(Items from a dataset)

┌──

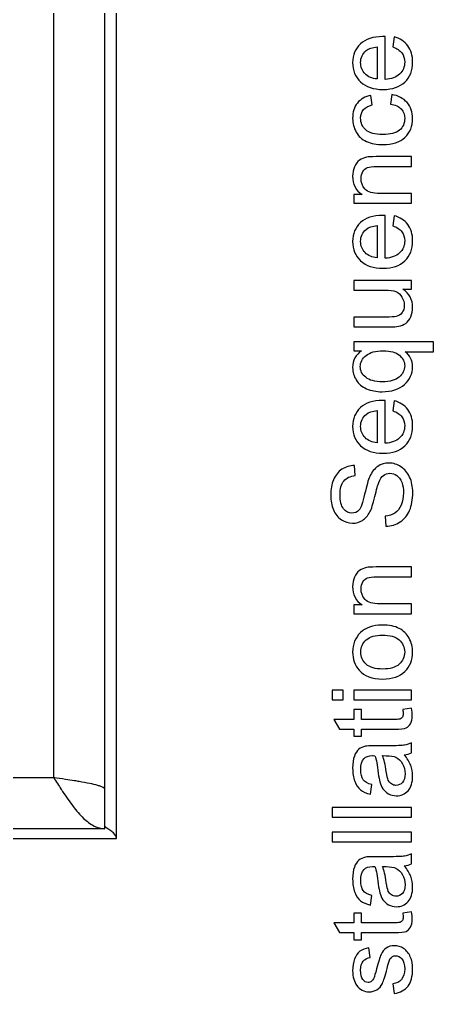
# Model space of a CAD drawing. Header units: millimetres. Extents: x 4086 to 8318, y 123 to 1549.
# Drawn here: x 7048.2 to 7058.74, y 1114.93 to 1139.72 of the extents above; entities that cross this region are included whole.
import ezdxf

# ---------------------------------------------------------------- set-up
doc = ezdxf.new("R2010")
doc.units = ezdxf.units.MM
doc.layers.add('20_ALL_FEATURES', color=7, linetype='Continuous')
doc.layers.add('layer 3', color=7, linetype='Continuous')

msp = doc.modelspace()

# ---------------------------------------------------------------- linework, layer by layer
at = {"layer": '20_ALL_FEATURES', "color": 7, "linetype": 'Continuous'}
for p, q in [((7049.073, 1120.425), (7049.073, 1174.425)), ((7050.673, 1118.875), (7050.673, 1167.875)), ((7050.373, 1119.125), (7050.373, 1167.575)), ((7032.273, 1120.425), (7049.073, 1120.425)), ((7049.289, 1120.088), (7049.299, 1120.073)), ((7050.373, 1119.125), (7030.973, 1119.125)), ((7050.373, 1119.175), (7050.39, 1119.167)), ((7050.396, 1119.16), (7050.373, 1119.175)), ((7030.673, 1118.875), (7050.673, 1118.875))]:
    msp.add_line(p, q, dxfattribs=at)
for centre, radius, start, end in [((7039.669, 1055.959), 65.148, 81.43311, 81.70071), ((7047.558, 1107.56), 12.946, 80.3749, 80.6151), ((7060.096, 1127.21), 12.942, 213.198, 213.3863)]:
    msp.add_arc(centre, radius, start, end, dxfattribs=at)
msp.add_open_spline([(7049.073, 1120.425), (7049.137, 1120.324), (7049.201, 1120.223), (7049.266, 1120.124)], degree=3, dxfattribs=at)
for points, knots in [([(7049.669, 1120.334), (7049.645, 1120.337), (7049.547, 1120.353), (7049.448, 1120.369), (7049.374, 1120.38)], [0, 0, 0, 0, 0.241208, 1, 1, 1, 1]), ([(7050.373, 1120.125), (7050.373, 1120.147), (7050.329, 1120.177), (7050.269, 1120.202), (7050.155, 1120.239), (7049.972, 1120.28), (7049.813, 1120.309), (7049.723, 1120.325)], [0, 0, 0, 0, 0.096452, 0.183265, 0.29768, 0.604596, 1, 1, 1, 1]), ([(7049.299, 1120.073), (7049.385, 1119.944), (7049.549, 1119.704), (7049.809, 1119.397), (7050.077, 1119.183), (7050.28, 1119.125), (7050.373, 1119.125)], [0, 0, 0, 0, 0.314479, 0.58849, 0.813028, 1, 1, 1, 1]), ([(7050.673, 1118.875), (7050.673, 1118.929), (7050.607, 1119.013), (7050.501, 1119.092), (7050.432, 1119.137), (7050.396, 1119.16)], [0, 0, 0, 0, 0.401635, 0.682748, 1, 1, 1, 1])]:
    msp.add_open_spline(points, degree=3, knots=knots, dxfattribs=at)
at = {"layer": 'layer 3'}
for points, knots in [([(7057.701, 1139.019), (7057.701, 1139.019), (7057.735, 1139.276), (7057.735, 1139.276), (7057.735, 1139.276), (7057.884, 1139.236), (7058, 1139.161), (7058.083, 1139.052), (7058.083, 1139.052), (7058.165, 1138.943), (7058.206, 1138.803), (7058.206, 1138.634), (7058.206, 1138.634), (7058.206, 1138.42), (7058.141, 1138.251), (7058.009, 1138.126), (7058.009, 1138.126), (7057.878, 1138.001), (7057.693, 1137.938), (7057.455, 1137.938), (7057.455, 1137.938), (7057.21, 1137.938), (7057.019, 1138.001), (7056.883, 1138.128), (7056.883, 1138.128), (7056.747, 1138.254), (7056.68, 1138.418), (7056.68, 1138.62), (7056.68, 1138.62), (7056.68, 1138.815), (7056.746, 1138.975), (7056.879, 1139.098), (7056.879, 1139.098), (7057.012, 1139.222), (7057.199, 1139.284), (7057.441, 1139.284), (7057.441, 1139.284), (7057.455, 1139.284), (7057.477, 1139.284), (7057.507, 1139.283), (7057.507, 1139.283), (7057.507, 1139.283), (7057.507, 1138.192), (7057.507, 1138.192), (7057.507, 1138.192), (7057.667, 1138.201), (7057.79, 1138.247), (7057.875, 1138.328), (7057.875, 1138.328), (7057.96, 1138.41), (7058.003, 1138.512), (7058.003, 1138.634), (7058.003, 1138.634), (7058.003, 1138.724), (7057.979, 1138.802), (7057.931, 1138.866), (7057.931, 1138.866), (7057.883, 1138.93), (7057.807, 1138.981), (7057.701, 1139.019)], [0, 0, 0, 0, 0.0625, 0.0625, 0.0625, 0.0625, 0.125, 0.125, 0.125, 0.125, 0.1875, 0.1875, 0.1875, 0.1875, 0.25, 0.25, 0.25, 0.25, 0.3125, 0.3125, 0.3125, 0.3125, 0.375, 0.375, 0.375, 0.375, 0.4375, 0.4375, 0.4375, 0.4375, 0.5, 0.5, 0.5, 0.5, 0.5625, 0.5625, 0.5625, 0.5625, 0.625, 0.625, 0.625, 0.625, 0.6875, 0.6875, 0.6875, 0.6875, 0.75, 0.75, 0.75, 0.75, 0.8125, 0.8125, 0.8125, 0.8125, 0.875, 0.875, 0.875, 0.875, 1, 1, 1, 1]), ([(7057.303, 1138.206), (7057.303, 1138.206), (7057.303, 1139.022), (7057.303, 1139.022), (7057.303, 1139.022), (7057.18, 1139.011), (7057.088, 1138.979), (7057.026, 1138.928), (7057.026, 1138.928), (7056.931, 1138.85), (7056.883, 1138.747), (7056.883, 1138.621), (7056.883, 1138.621), (7056.883, 1138.508), (7056.921, 1138.412), (7056.997, 1138.335), (7056.997, 1138.335), (7057.073, 1138.257), (7057.175, 1138.215), (7057.303, 1138.206)], [0, 0, 0, 0, 0.166667, 0.166667, 0.166667, 0.166667, 0.333333, 0.333333, 0.333333, 0.333333, 0.5, 0.5, 0.5, 0.5, 0.666667, 0.666667, 0.666667, 0.666667, 1, 1, 1, 1]), ([(7057.639, 1137.566), (7057.639, 1137.566), (7057.673, 1137.808), (7057.673, 1137.808), (7057.673, 1137.808), (7057.84, 1137.781), (7057.97, 1137.714), (7058.065, 1137.604), (7058.065, 1137.604), (7058.159, 1137.495), (7058.206, 1137.36), (7058.206, 1137.2), (7058.206, 1137.2), (7058.206, 1137), (7058.141, 1136.839), (7058.01, 1136.718), (7058.01, 1136.718), (7057.88, 1136.596), (7057.692, 1136.536), (7057.449, 1136.536), (7057.449, 1136.536), (7057.291, 1136.536), (7057.153, 1136.562), (7057.034, 1136.614), (7057.034, 1136.614), (7056.916, 1136.666), (7056.827, 1136.746), (7056.769, 1136.853), (7056.769, 1136.853), (7056.709, 1136.96), (7056.68, 1137.076), (7056.68, 1137.202), (7056.68, 1137.202), (7056.68, 1137.361), (7056.72, 1137.491), (7056.8, 1137.591), (7056.8, 1137.591), (7056.881, 1137.693), (7056.995, 1137.758), (7057.143, 1137.786), (7057.143, 1137.786), (7057.143, 1137.786), (7057.179, 1137.546), (7057.179, 1137.546), (7057.179, 1137.546), (7057.081, 1137.523), (7057.007, 1137.482), (7056.957, 1137.424), (7056.957, 1137.424), (7056.908, 1137.365), (7056.883, 1137.295), (7056.883, 1137.212), (7056.883, 1137.212), (7056.883, 1137.087), (7056.928, 1136.985), (7057.017, 1136.907), (7057.017, 1136.907), (7057.107, 1136.829), (7057.248, 1136.79), (7057.442, 1136.79), (7057.442, 1136.79), (7057.638, 1136.79), (7057.781, 1136.827), (7057.87, 1136.902), (7057.87, 1136.902), (7057.959, 1136.978), (7058.003, 1137.076), (7058.003, 1137.197), (7058.003, 1137.197), (7058.003, 1137.295), (7057.974, 1137.377), (7057.914, 1137.441), (7057.914, 1137.441), (7057.855, 1137.507), (7057.763, 1137.548), (7057.639, 1137.566)], [0, 0, 0, 0, 0.05, 0.05, 0.05, 0.05, 0.1, 0.1, 0.1, 0.1, 0.15, 0.15, 0.15, 0.15, 0.2, 0.2, 0.2, 0.2, 0.25, 0.25, 0.25, 0.25, 0.3, 0.3, 0.3, 0.3, 0.35, 0.35, 0.35, 0.35, 0.4, 0.4, 0.4, 0.4, 0.45, 0.45, 0.45, 0.45, 0.5, 0.5, 0.5, 0.5, 0.55, 0.55, 0.55, 0.55, 0.6, 0.6, 0.6, 0.6, 0.65, 0.65, 0.65, 0.65, 0.7, 0.7, 0.7, 0.7, 0.75, 0.75, 0.75, 0.75, 0.8, 0.8, 0.8, 0.8, 0.85, 0.85, 0.85, 0.85, 0.9, 0.9, 0.9, 0.9, 1, 1, 1, 1]), ([(7058.175, 1135.04), (7058.175, 1135.04), (7056.711, 1135.04), (7056.711, 1135.04), (7056.711, 1135.04), (7056.711, 1135.04), (7056.711, 1135.263), (7056.711, 1135.263), (7056.711, 1135.263), (7056.711, 1135.263), (7056.919, 1135.263), (7056.919, 1135.263), (7056.919, 1135.263), (7056.759, 1135.37), (7056.68, 1135.525), (7056.68, 1135.728), (7056.68, 1135.728), (7056.68, 1135.816), (7056.696, 1135.897), (7056.727, 1135.971), (7056.727, 1135.971), (7056.759, 1136.045), (7056.801, 1136.1), (7056.852, 1136.137), (7056.852, 1136.137), (7056.903, 1136.174), (7056.964, 1136.199), (7057.035, 1136.214), (7057.035, 1136.214), (7057.081, 1136.223), (7057.161, 1136.228), (7057.276, 1136.228), (7057.276, 1136.228), (7057.276, 1136.228), (7058.175, 1136.228), (7058.175, 1136.228), (7058.175, 1136.228), (7058.175, 1136.228), (7058.175, 1135.979), (7058.175, 1135.979), (7058.175, 1135.979), (7058.175, 1135.979), (7057.286, 1135.979), (7057.286, 1135.979), (7057.286, 1135.979), (7057.184, 1135.979), (7057.109, 1135.97), (7057.059, 1135.951), (7057.059, 1135.951), (7057.009, 1135.931), (7056.969, 1135.897), (7056.939, 1135.848), (7056.939, 1135.848), (7056.909, 1135.799), (7056.894, 1135.741), (7056.894, 1135.675), (7056.894, 1135.675), (7056.894, 1135.57), (7056.928, 1135.479), (7056.995, 1135.403), (7056.995, 1135.403), (7057.062, 1135.326), (7057.189, 1135.288), (7057.376, 1135.288), (7057.376, 1135.288), (7057.376, 1135.288), (7058.175, 1135.288), (7058.175, 1135.288), (7058.175, 1135.288), (7058.175, 1135.288), (7058.175, 1135.04), (7058.175, 1135.04)], [0, 0, 0, 0, 0.052632, 0.052632, 0.052632, 0.052632, 0.105263, 0.105263, 0.105263, 0.105263, 0.157895, 0.157895, 0.157895, 0.157895, 0.210526, 0.210526, 0.210526, 0.210526, 0.263158, 0.263158, 0.263158, 0.263158, 0.315789, 0.315789, 0.315789, 0.315789, 0.368421, 0.368421, 0.368421, 0.368421, 0.421053, 0.421053, 0.421053, 0.421053, 0.473684, 0.473684, 0.473684, 0.473684, 0.526316, 0.526316, 0.526316, 0.526316, 0.578947, 0.578947, 0.578947, 0.578947, 0.631579, 0.631579, 0.631579, 0.631579, 0.684211, 0.684211, 0.684211, 0.684211, 0.736842, 0.736842, 0.736842, 0.736842, 0.789474, 0.789474, 0.789474, 0.789474, 0.842105, 0.842105, 0.842105, 0.842105, 0.894737, 0.894737, 0.894737, 0.894737, 1, 1, 1, 1]), ([(7057.701, 1134.469), (7057.701, 1134.469), (7057.735, 1134.726), (7057.735, 1134.726), (7057.735, 1134.726), (7057.884, 1134.686), (7058, 1134.611), (7058.083, 1134.502), (7058.083, 1134.502), (7058.165, 1134.393), (7058.206, 1134.254), (7058.206, 1134.084), (7058.206, 1134.084), (7058.206, 1133.87), (7058.141, 1133.701), (7058.009, 1133.576), (7058.009, 1133.576), (7057.878, 1133.451), (7057.693, 1133.388), (7057.455, 1133.388), (7057.455, 1133.388), (7057.21, 1133.388), (7057.019, 1133.451), (7056.883, 1133.578), (7056.883, 1133.578), (7056.747, 1133.704), (7056.68, 1133.869), (7056.68, 1134.07), (7056.68, 1134.07), (7056.68, 1134.266), (7056.746, 1134.425), (7056.879, 1134.549), (7056.879, 1134.549), (7057.012, 1134.672), (7057.199, 1134.734), (7057.441, 1134.734), (7057.441, 1134.734), (7057.455, 1134.734), (7057.477, 1134.734), (7057.507, 1134.733), (7057.507, 1134.733), (7057.507, 1134.733), (7057.507, 1133.642), (7057.507, 1133.642), (7057.507, 1133.642), (7057.667, 1133.652), (7057.79, 1133.697), (7057.875, 1133.779), (7057.875, 1133.779), (7057.96, 1133.86), (7058.003, 1133.962), (7058.003, 1134.084), (7058.003, 1134.084), (7058.003, 1134.175), (7057.979, 1134.252), (7057.931, 1134.316), (7057.931, 1134.316), (7057.883, 1134.381), (7057.807, 1134.432), (7057.701, 1134.469)], [0, 0, 0, 0, 0.0625, 0.0625, 0.0625, 0.0625, 0.125, 0.125, 0.125, 0.125, 0.1875, 0.1875, 0.1875, 0.1875, 0.25, 0.25, 0.25, 0.25, 0.3125, 0.3125, 0.3125, 0.3125, 0.375, 0.375, 0.375, 0.375, 0.4375, 0.4375, 0.4375, 0.4375, 0.5, 0.5, 0.5, 0.5, 0.5625, 0.5625, 0.5625, 0.5625, 0.625, 0.625, 0.625, 0.625, 0.6875, 0.6875, 0.6875, 0.6875, 0.75, 0.75, 0.75, 0.75, 0.8125, 0.8125, 0.8125, 0.8125, 0.875, 0.875, 0.875, 0.875, 1, 1, 1, 1]), ([(7057.303, 1133.656), (7057.303, 1133.656), (7057.303, 1134.472), (7057.303, 1134.472), (7057.303, 1134.472), (7057.18, 1134.461), (7057.088, 1134.43), (7057.026, 1134.378), (7057.026, 1134.378), (7056.931, 1134.3), (7056.883, 1134.197), (7056.883, 1134.072), (7056.883, 1134.072), (7056.883, 1133.958), (7056.921, 1133.862), (7056.997, 1133.785), (7056.997, 1133.785), (7057.073, 1133.708), (7057.175, 1133.665), (7057.303, 1133.656)], [0, 0, 0, 0, 0.166667, 0.166667, 0.166667, 0.166667, 0.333333, 0.333333, 0.333333, 0.333333, 0.5, 0.5, 0.5, 0.5, 0.666667, 0.666667, 0.666667, 0.666667, 1, 1, 1, 1]), ([(7058.175, 1132.857), (7058.175, 1132.857), (7057.958, 1132.857), (7057.958, 1132.857), (7057.958, 1132.857), (7058.124, 1132.744), (7058.206, 1132.589), (7058.206, 1132.394), (7058.206, 1132.394), (7058.206, 1132.308), (7058.19, 1132.228), (7058.157, 1132.153), (7058.157, 1132.153), (7058.124, 1132.078), (7058.082, 1132.023), (7058.032, 1131.986), (7058.032, 1131.986), (7057.982, 1131.95), (7057.921, 1131.925), (7057.848, 1131.91), (7057.848, 1131.91), (7057.8, 1131.9), (7057.722, 1131.895), (7057.617, 1131.895), (7057.617, 1131.895), (7057.617, 1131.895), (7056.711, 1131.895), (7056.711, 1131.895), (7056.711, 1131.895), (7056.711, 1131.895), (7056.711, 1132.143), (7056.711, 1132.143), (7056.711, 1132.143), (7056.711, 1132.143), (7057.521, 1132.143), (7057.521, 1132.143), (7057.521, 1132.143), (7057.65, 1132.143), (7057.738, 1132.149), (7057.783, 1132.159), (7057.783, 1132.159), (7057.848, 1132.174), (7057.899, 1132.207), (7057.936, 1132.258), (7057.936, 1132.258), (7057.973, 1132.308), (7057.992, 1132.37), (7057.992, 1132.444), (7057.992, 1132.444), (7057.992, 1132.519), (7057.973, 1132.588), (7057.935, 1132.653), (7057.935, 1132.653), (7057.897, 1132.718), (7057.845, 1132.764), (7057.779, 1132.792), (7057.779, 1132.792), (7057.714, 1132.818), (7057.618, 1132.832), (7057.494, 1132.832), (7057.494, 1132.832), (7057.494, 1132.832), (7056.711, 1132.832), (7056.711, 1132.832), (7056.711, 1132.832), (7056.711, 1132.832), (7056.711, 1133.08), (7056.711, 1133.08), (7056.711, 1133.08), (7056.711, 1133.08), (7058.175, 1133.08), (7058.175, 1133.08), (7058.175, 1133.08), (7058.175, 1133.08), (7058.175, 1132.857), (7058.175, 1132.857)], [0, 0, 0, 0, 0.05, 0.05, 0.05, 0.05, 0.1, 0.1, 0.1, 0.1, 0.15, 0.15, 0.15, 0.15, 0.2, 0.2, 0.2, 0.2, 0.25, 0.25, 0.25, 0.25, 0.3, 0.3, 0.3, 0.3, 0.35, 0.35, 0.35, 0.35, 0.4, 0.4, 0.4, 0.4, 0.45, 0.45, 0.45, 0.45, 0.5, 0.5, 0.5, 0.5, 0.55, 0.55, 0.55, 0.55, 0.6, 0.6, 0.6, 0.6, 0.65, 0.65, 0.65, 0.65, 0.7, 0.7, 0.7, 0.7, 0.75, 0.75, 0.75, 0.75, 0.8, 0.8, 0.8, 0.8, 0.85, 0.85, 0.85, 0.85, 0.9, 0.9, 0.9, 0.9, 1, 1, 1, 1]), ([(7058.737, 1131.264), (7058.737, 1131.264), (7058.018, 1131.264), (7058.018, 1131.264), (7058.018, 1131.264), (7058.072, 1131.225), (7058.117, 1131.171), (7058.153, 1131.102), (7058.153, 1131.102), (7058.189, 1131.033), (7058.206, 1130.959), (7058.206, 1130.881), (7058.206, 1130.881), (7058.206, 1130.708), (7058.137, 1130.559), (7057.999, 1130.433), (7057.999, 1130.433), (7057.86, 1130.308), (7057.67, 1130.245), (7057.429, 1130.245), (7057.429, 1130.245), (7057.283, 1130.245), (7057.151, 1130.271), (7057.034, 1130.322), (7057.034, 1130.322), (7056.918, 1130.373), (7056.83, 1130.447), (7056.77, 1130.544), (7056.77, 1130.544), (7056.71, 1130.64), (7056.68, 1130.747), (7056.68, 1130.862), (7056.68, 1130.862), (7056.68, 1131.043), (7056.755, 1131.185), (7056.907, 1131.289), (7056.907, 1131.289), (7056.907, 1131.289), (7056.711, 1131.289), (7056.711, 1131.289), (7056.711, 1131.289), (7056.711, 1131.289), (7056.711, 1131.512), (7056.711, 1131.512), (7056.711, 1131.512), (7056.711, 1131.512), (7058.737, 1131.512), (7058.737, 1131.512), (7058.737, 1131.512), (7058.737, 1131.512), (7058.737, 1131.264), (7058.737, 1131.264)], [0, 0, 0, 0, 0.071429, 0.071429, 0.071429, 0.071429, 0.142857, 0.142857, 0.142857, 0.142857, 0.214286, 0.214286, 0.214286, 0.214286, 0.285714, 0.285714, 0.285714, 0.285714, 0.357143, 0.357143, 0.357143, 0.357143, 0.428571, 0.428571, 0.428571, 0.428571, 0.5, 0.5, 0.5, 0.5, 0.571429, 0.571429, 0.571429, 0.571429, 0.642857, 0.642857, 0.642857, 0.642857, 0.714286, 0.714286, 0.714286, 0.714286, 0.785714, 0.785714, 0.785714, 0.785714, 0.857143, 0.857143, 0.857143, 0.857143, 1, 1, 1, 1]), ([(7057.439, 1130.499), (7057.627, 1130.499), (7057.768, 1130.539), (7057.862, 1130.618), (7057.862, 1130.618), (7057.956, 1130.697), (7058.003, 1130.791), (7058.003, 1130.902), (7058.003, 1130.902), (7058.003, 1131.008), (7057.959, 1131.098), (7057.869, 1131.175), (7057.869, 1131.175), (7057.779, 1131.251), (7057.643, 1131.289), (7057.461, 1131.289), (7057.461, 1131.289), (7057.266, 1131.289), (7057.12, 1131.249), (7057.022, 1131.169), (7057.022, 1131.169), (7056.923, 1131.088), (7056.874, 1130.994), (7056.874, 1130.885), (7056.874, 1130.885), (7056.874, 1130.778), (7056.92, 1130.686), (7057.011, 1130.612), (7057.011, 1130.612), (7057.103, 1130.537), (7057.245, 1130.499), (7057.439, 1130.499)], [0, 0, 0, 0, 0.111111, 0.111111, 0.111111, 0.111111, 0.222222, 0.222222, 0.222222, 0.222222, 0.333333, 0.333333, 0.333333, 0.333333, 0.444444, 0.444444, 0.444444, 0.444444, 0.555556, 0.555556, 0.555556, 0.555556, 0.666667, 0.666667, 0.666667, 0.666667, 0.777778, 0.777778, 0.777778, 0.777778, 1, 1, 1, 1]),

└──

Up to and including the line containing "msp.add_line(p, q, dxfattribs=at)", quote each line of the entries above from the very first, please, exactly and without images.

# Model space of a CAD drawing. Header units: millimetres. Extents: x 4086 to 8318, y 123 to 1549.
# Drawn here: x 7048.2 to 7058.74, y 1114.93 to 1139.72 of the extents above; entities that cross this region are included whole.
import ezdxf

# ---------------------------------------------------------------- set-up
doc = ezdxf.new("R2010")
doc.units = ezdxf.units.MM
doc.layers.add('20_ALL_FEATURES', color=7, linetype='Continuous')
doc.layers.add('layer 3', color=7, linetype='Continuous')

msp = doc.modelspace()

# ---------------------------------------------------------------- linework, layer by layer
at = {"layer": '20_ALL_FEATURES', "color": 7, "linetype": 'Continuous'}
for p, q in [((7049.073, 1120.425), (7049.073, 1174.425)), ((7050.673, 1118.875), (7050.673, 1167.875)), ((7050.373, 1119.125), (7050.373, 1167.575)), ((7032.273, 1120.425), (7049.073, 1120.425)), ((7049.289, 1120.088), (7049.299, 1120.073)), ((7050.373, 1119.125), (7030.973, 1119.125)), ((7050.373, 1119.175), (7050.39, 1119.167)), ((7050.396, 1119.16), (7050.373, 1119.175)), ((7030.673, 1118.875), (7050.673, 1118.875))]:
    msp.add_line(p, q, dxfattribs=at)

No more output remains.